At some institutions, the remote delivery models adopted during the pandemic seemed to fade away immediately afterwards, when there was a rebound to campus-based learning. However, in the face of declining on-campus enrolments, many more are now embracing global online delivery and other forms of transnational education as part of their strategies.  

What does this mean for the next wave of strategies?

When I’m working with a university on developing its global engagement strategy, I always ask leaders about their ambitions for the institution’s future size and shape (i.e. the composition and profile of the student body in 10 years’ time).

10 years ago, even five, I’d often get blank looks or vague responses. Things have improved recently, as data-driven decision making is becoming embedded. However, some universities that describe themselves as global institutions still lump all categories of international student together in their planning or treat off-campus students as a ‘nice-to-have’ bonus.

Surely, given the global demographic shifts that are well underway, any university that badges itself as ‘global’ should be paying far more attention to what these mean.
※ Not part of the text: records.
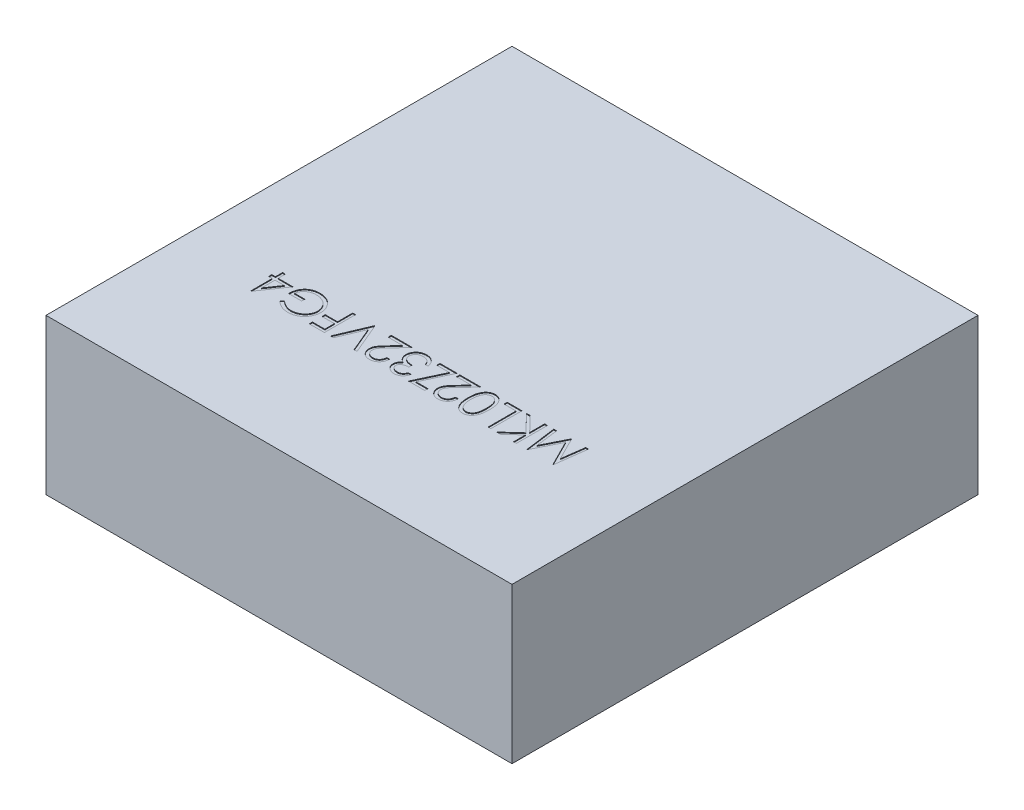
from build123d import *

# Parameters (mm, degrees)
BASES_W          = 3
BASES_H          = 3
BASE_DEPTH       = 1
PARTNUMBER_DEPTH = 0.005


with BuildPart() as part:
    # BaseS → Base (new body)
    with BuildSketch(Plane(origin=(0, 0, 0), x_dir=(1, 0, 0), z_dir=(0, 1, 0))):
        Rectangle(BASES_W, BASES_H)
    extrude(amount=BASE_DEPTH)

    # PartNumberS → PartNumber (cut)
    # profile 1 of 12: a face of its own
    with BuildSketch(Plane(origin=(0, 1, 0), x_dir=(1, 0, 0), z_dir=(0, 1, 0))):
        Polygon((0.992307692, -0.5), (0.965905449, -0.7), (0.963341346, -0.7), (0.880769231, -0.535897436), (0.798397436, -0.7), (0.795793269, -0.7), (0.769230769, -0.5), (0.787259615, -0.5), (0.806410256, -0.643910256), (0.878605769, -0.5), (0.882652244, -0.5), (0.955128205, -0.644230769), (0.974238782, -0.5), align=None)
    # profile 2 of 12: a face of its own
    with BuildSketch(Plane(origin=(0, 1, 0), x_dir=(1, 0, 0), z_dir=(0, 1, 0))):
        Polygon((0.728205128, -0.7), (0.71025641, -0.7), (0.71025641, -0.623838141), (0.626883013, -0.7), (0.601282051, -0.7), (0.699559295, -0.61025641), (0.593589744, -0.5), (0.617508013, -0.5), (0.71025641, -0.596514423), (0.71025641, -0.5), (0.728205128, -0.5), align=None)
    # profile 3 of 12: a face of its own
    with BuildSketch(Plane(origin=(0, 1, 0), x_dir=(1, 0, 0), z_dir=(0, 1, 0))):
        Polygon((0.564102564, -0.7), (0.546153846, -0.7), (0.546153846, -0.520512821), (0.469230769, -0.520512821), (0.469230769, -0.5), (0.564102564, -0.5), align=None)
    # profile 4 of 12: a face of its own
    with BuildSketch(Plane(origin=(0, 1, 0), x_dir=(1, 0, 0), z_dir=(0, 1, 0))):
        with BuildLine():
            add(Edge.make_bspline(
                [(0.453846154, -0.599919872), (0.45382741, -0.603125437), (0.453791, -0.609352293), (0.453385947, -0.618425701), (0.45271307, -0.626937718), (0.451790935, -0.63488875), (0.450668765, -0.642280851), (0.449170735, -0.649094264), (0.447467153, -0.655360534), (0.445492704, -0.661100057), (0.443264911, -0.666390288), (0.440839812, -0.671328601), (0.438122833, -0.675909097), (0.4352634, -0.680199264), (0.432161436, -0.684155927), (0.42882773, -0.687761304), (0.425291645, -0.691071266), (0.421536448, -0.694031384), (0.417597932, -0.696610732), (0.413592604, -0.698948853), (0.409406222, -0.700798371), (0.405142046, -0.702379922), (0.400765722, -0.703632724), (0.396275342, -0.704504146), (0.391666876, -0.705049326), (0.388556562, -0.705101663), (0.386979167, -0.705128205)],
                knots=[0, 0, 0, 0, 1.64625301, 3.197870201, 4.6634513, 6.030635694, 7.308242971, 8.501545196, 9.611429483, 10.641742253, 11.616230371, 12.55791849, 13.464870342, 14.34944951, 15.20427819, 16.044004467, 16.869007726, 17.689551165, 18.496129964, 19.285613293, 20.0683943, 20.843080271, 21.620342827, 22.403213977, 23.190190624, 24, 24, 24, 24], degree=3))
            add(Edge.make_bspline(
                [(0.386979167, -0.705128205), (0.385387797, -0.705106134), (0.38222153, -0.705062219), (0.377557236, -0.704444098), (0.372974186, -0.703646272), (0.368541914, -0.702366689), (0.364176614, -0.700835502), (0.359986842, -0.698815126), (0.355824678, -0.696617809), (0.351879203, -0.693937268), (0.348032533, -0.690974829), (0.344426682, -0.687611703), (0.340969474, -0.683940966), (0.337791486, -0.679880749), (0.334756515, -0.675493306), (0.331979772, -0.67074186), (0.329403504, -0.66563694), (0.326979285, -0.66020221), (0.32485937, -0.654292502), (0.322974596, -0.647944676), (0.321429704, -0.641101249), (0.320152106, -0.633800343), (0.319160447, -0.62600579), (0.318438734, -0.617733383), (0.318057372, -0.608977945), (0.317985566, -0.60299178), (0.317948718, -0.599919872)],
                knots=[0, 0, 0, 0, 0.810910589, 1.61342667, 2.396193133, 3.181089899, 3.963115317, 4.752255436, 5.550715454, 6.36105385, 7.181178335, 8.024612154, 8.872680183, 9.750181803, 10.651284446, 11.591556747, 12.554036451, 13.566402641, 14.62422919, 15.753422176, 16.94128843, 18.199818041, 19.531985927, 20.947085226, 22.433341622, 24, 24, 24, 24], degree=3))
            add(Edge.make_bspline(
                [(0.317948718, -0.599919872), (0.317986423, -0.596861401), (0.318060053, -0.590888756), (0.318430055, -0.582172145), (0.319179794, -0.573944878), (0.32009359, -0.566195034), (0.321411105, -0.558932745), (0.322877893, -0.552119008), (0.324748864, -0.545817847), (0.326818495, -0.539958796), (0.329208983, -0.534547089), (0.331765848, -0.529463239), (0.334584042, -0.524738759), (0.337560777, -0.520323507), (0.34079893, -0.516298111), (0.344209352, -0.512586312), (0.347850186, -0.509217343), (0.351716657, -0.506219926), (0.355699424, -0.503519192), (0.3598624, -0.501243526), (0.364108132, -0.49925961), (0.368480783, -0.497664773), (0.372952469, -0.496404048), (0.377539293, -0.495545817), (0.382222154, -0.494940871), (0.385388005, -0.4948949), (0.386979167, -0.494871795)],
                knots=[0, 0, 0, 0, 1.561431216, 3.049195289, 4.452146966, 5.778046447, 7.031138842, 8.218704273, 9.334037798, 10.384210803, 11.388620812, 12.352076869, 13.287433199, 14.19507451, 15.06813243, 15.922055533, 16.766344942, 17.596869952, 18.417486629, 19.220035357, 20.016159057, 20.807716045, 21.59340902, 22.384936649, 23.188266813, 24, 24, 24, 24], degree=3))
            add(Edge.make_bspline(
                [(0.386979167, -0.494871795), (0.388556507, -0.494898572), (0.391666713, -0.494951373), (0.396275972, -0.495493155), (0.400759842, -0.49637662), (0.405127285, -0.497576361), (0.409387239, -0.49910116), (0.413497978, -0.501040647), (0.417513774, -0.503290158), (0.421416363, -0.505849366), (0.425131138, -0.508782275), (0.428680244, -0.512025516), (0.431970786, -0.515662669), (0.435051357, -0.519635684), (0.437934516, -0.52393665), (0.440639989, -0.528552213), (0.443057704, -0.533538633), (0.445336009, -0.538857583), (0.447344353, -0.544639279), (0.449098001, -0.550927022), (0.450576487, -0.557763701), (0.451754121, -0.565149643), (0.452718866, -0.573073415), (0.453385284, -0.581547642), (0.453790797, -0.590554174), (0.453827365, -0.596741003), (0.453846154, -0.599919872)],
                knots=[0, 0, 0, 0, 0.810976328, 1.599087026, 2.383086309, 3.159618043, 3.926613167, 4.707144544, 5.494386734, 6.292609454, 7.104690378, 7.92621526, 8.762510248, 9.62398222, 10.509836085, 11.424023232, 12.373226806, 13.358118208, 14.398657954, 15.5185989, 16.713620699, 17.994156382, 19.364120462, 20.818119981, 22.365111093, 24, 24, 24, 24], degree=3))
        make_face()
        with BuildLine():
            add(Edge.make_bspline(
                [(0.435897436, -0.6), (0.435890461, -0.597328656), (0.435876923, -0.592144103), (0.4355335, -0.58462337), (0.43505549, -0.577596997), (0.434454125, -0.571067726), (0.433553497, -0.565058375), (0.432531677, -0.559543965), (0.431306074, -0.554534693), (0.42984879, -0.549986815), (0.428188889, -0.54583583), (0.426379449, -0.541971444), (0.424419435, -0.538346652), (0.422263877, -0.534974532), (0.419881894, -0.531873918), (0.417326651, -0.529030085), (0.414583291, -0.526454611), (0.410786486, -0.523398046), (0.40579838, -0.520202297), (0.399481442, -0.517453649), (0.392987642, -0.515715134), (0.388578797, -0.515494661), (0.386378205, -0.515384615)],
                knots=[0, 0, 0, 0, 1.459193451, 2.832007961, 4.111736495, 5.306635028, 6.412683014, 7.430020708, 8.369596877, 9.227877302, 10.036669781, 10.810175692, 11.557788084, 12.286326232, 12.994037279, 13.69140682, 14.37267704, 15.047194847, 16.352618509, 17.594157723, 18.799169539, 20, 20, 20, 20], degree=3))
            add(Edge.make_bspline(
                [(0.386378205, -0.515384615), (0.384164977, -0.51548111), (0.379746373, -0.515673757), (0.373256993, -0.517355101), (0.367009194, -0.520088434), (0.362078497, -0.523211202), (0.35833772, -0.526204156), (0.355656526, -0.528752995), (0.3531959, -0.531607774), (0.35086205, -0.53468769), (0.348721536, -0.538051844), (0.346775069, -0.541683988), (0.344998878, -0.545594227), (0.343986933, -0.548323927), (0.343469551, -0.549719551)],
                knots=[0, 0, 0, 0, 1.353621445, 2.702441307, 4.075953605, 5.516772412, 6.261413105, 7.007624062, 7.778524365, 8.566925914, 9.372323995, 10.217594641, 11.088702136, 12, 12, 12, 12], degree=3))
            add(Edge.make_bspline(
                [(0.343469551, -0.549719551), (0.342866593, -0.551504108), (0.341642329, -0.555127523), (0.340064514, -0.560748303), (0.33882192, -0.566645604), (0.337704013, -0.572784182), (0.336940981, -0.579209308), (0.33632682, -0.585901101), (0.335965067, -0.592864607), (0.335920224, -0.59759575), (0.335897436, -0.6)],
                knots=[0, 0, 0, 0, 0.884706709, 1.796334032, 2.740027952, 3.714592787, 4.726048262, 5.777819803, 6.87074269, 8, 8, 8, 8], degree=3))
            add(Edge.make_bspline(
                [(0.335897436, -0.6), (0.335922569, -0.602404198), (0.33597174, -0.607107906), (0.336294799, -0.613989435), (0.336813929, -0.620536826), (0.337516559, -0.626756019), (0.338481122, -0.632635944), (0.339639466, -0.638185014), (0.34099749, -0.643401737), (0.342555191, -0.648299556), (0.344310674, -0.6528609), (0.346250042, -0.657095587), (0.348319312, -0.661026458), (0.350568319, -0.664640869), (0.352965243, -0.66795991), (0.35559615, -0.67090718), (0.358293925, -0.673626053), (0.362130733, -0.676674111), (0.367112943, -0.679806494), (0.373355261, -0.682610687), (0.379815791, -0.684270285), (0.384192311, -0.684500434), (0.386378205, -0.684615385)],
                knots=[0, 0, 0, 0, 1.313528337, 2.569860077, 3.762944266, 4.901481389, 5.988248151, 7.017139294, 7.997571128, 8.932104357, 9.823695246, 10.66607014, 11.475539426, 12.248954257, 12.990316782, 13.708962568, 14.405488541, 15.08007697, 16.381737273, 17.610043218, 18.806313575, 20, 20, 20, 20], degree=3))
            add(Edge.make_bspline(
                [(0.386378205, -0.684615385), (0.388590668, -0.684500298), (0.393019624, -0.684269916), (0.399547738, -0.682616543), (0.405827425, -0.679826438), (0.410799137, -0.676670238), (0.41458193, -0.673637891), (0.417273833, -0.671049847), (0.419814287, -0.668232609), (0.42218486, -0.665146054), (0.424327265, -0.661780364), (0.426311102, -0.658181849), (0.428106105, -0.654323203), (0.429772272, -0.650174513), (0.431214094, -0.645619162), (0.43251046, -0.640610889), (0.43351106, -0.635060616), (0.434399504, -0.629023046), (0.435071067, -0.622486012), (0.435530168, -0.615443005), (0.435877966, -0.607896056), (0.435890816, -0.602684734), (0.435897436, -0.6)],
                knots=[0, 0, 0, 0, 1.207779899, 2.417760083, 3.652287919, 4.947299644, 5.621638849, 6.297435916, 6.984320042, 7.691843698, 8.42018894, 9.161205785, 9.934506883, 10.743085206, 11.601138371, 12.542248028, 13.566483018, 14.679455109, 15.87477181, 17.154161492, 18.533899613, 20, 20, 20, 20], degree=3))
        make_face(mode=Mode.SUBTRACT)
    # profile 5 of 12: a face of its own
    with BuildSketch(Plane(origin=(0, 1, 0), x_dir=(1, 0, 0), z_dir=(0, 1, 0))):
        with BuildLine():
            Line((0.274358974, -0.638461538), (0.292307692, -0.638461538))
            add(Edge.make_bspline(
                [(0.292307692, -0.638461538), (0.292190732, -0.640842744), (0.291961025, -0.645519368), (0.290884841, -0.652337711), (0.289346382, -0.658855729), (0.287166027, -0.665017542), (0.284473479, -0.670896759), (0.28117702, -0.67641531), (0.277346927, -0.681627966), (0.272990226, -0.686436034), (0.268262803, -0.69083121), (0.263192984, -0.694666834), (0.257832876, -0.697870482), (0.252228972, -0.700563223), (0.246316459, -0.702581997), (0.240151855, -0.704080553), (0.233707297, -0.70498201), (0.229316444, -0.705078919), (0.227083333, -0.705128205)],
                knots=[0, 0, 0, 0, 1.100776268, 2.161895295, 3.184016182, 4.190939212, 5.176500551, 6.166955529, 7.155448256, 8.160289653, 9.16017456, 10.133824356, 11.091467644, 12.04088621, 13.000931625, 13.972173743, 14.968683325, 16, 16, 16, 16], degree=3))
            add(Edge.make_bspline(
                [(0.227083333, -0.705128205), (0.224890146, -0.705077281), (0.220580612, -0.704977218), (0.214293537, -0.70410498), (0.20829416, -0.702768352), (0.202650471, -0.70078768), (0.197304551, -0.698302371), (0.192322591, -0.695211563), (0.187584121, -0.691661503), (0.183321698, -0.687474033), (0.179406148, -0.683005992), (0.176031181, -0.678234162), (0.173124632, -0.673299943), (0.170745713, -0.668164791), (0.168942387, -0.662811984), (0.167606295, -0.657292841), (0.166842513, -0.651543668), (0.166725935, -0.647651753), (0.166666667, -0.645673077)],
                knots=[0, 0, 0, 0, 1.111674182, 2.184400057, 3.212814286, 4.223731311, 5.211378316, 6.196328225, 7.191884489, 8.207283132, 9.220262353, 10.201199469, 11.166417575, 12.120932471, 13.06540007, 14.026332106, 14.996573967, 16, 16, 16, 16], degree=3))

Not just in the ‘shuffling the deckchairs’ sense of changes in the profile of on-campus students, but in a much more fundamental sense of (as Khafagy puts it) a roadmap for survival.

Strategically, it seems like a no-brainer for a globally engaged university to collaborate with partners in carefully selected countries to expand and enhance educational opportunities in those locations where the vast majority of the world’s future students actually live.

As Khafagy concludes in his original blog post:

‘The future of the university will not be decided only by who publishes more papers or adopts AI faster. It will be decided by who shows up where humanity is growing.’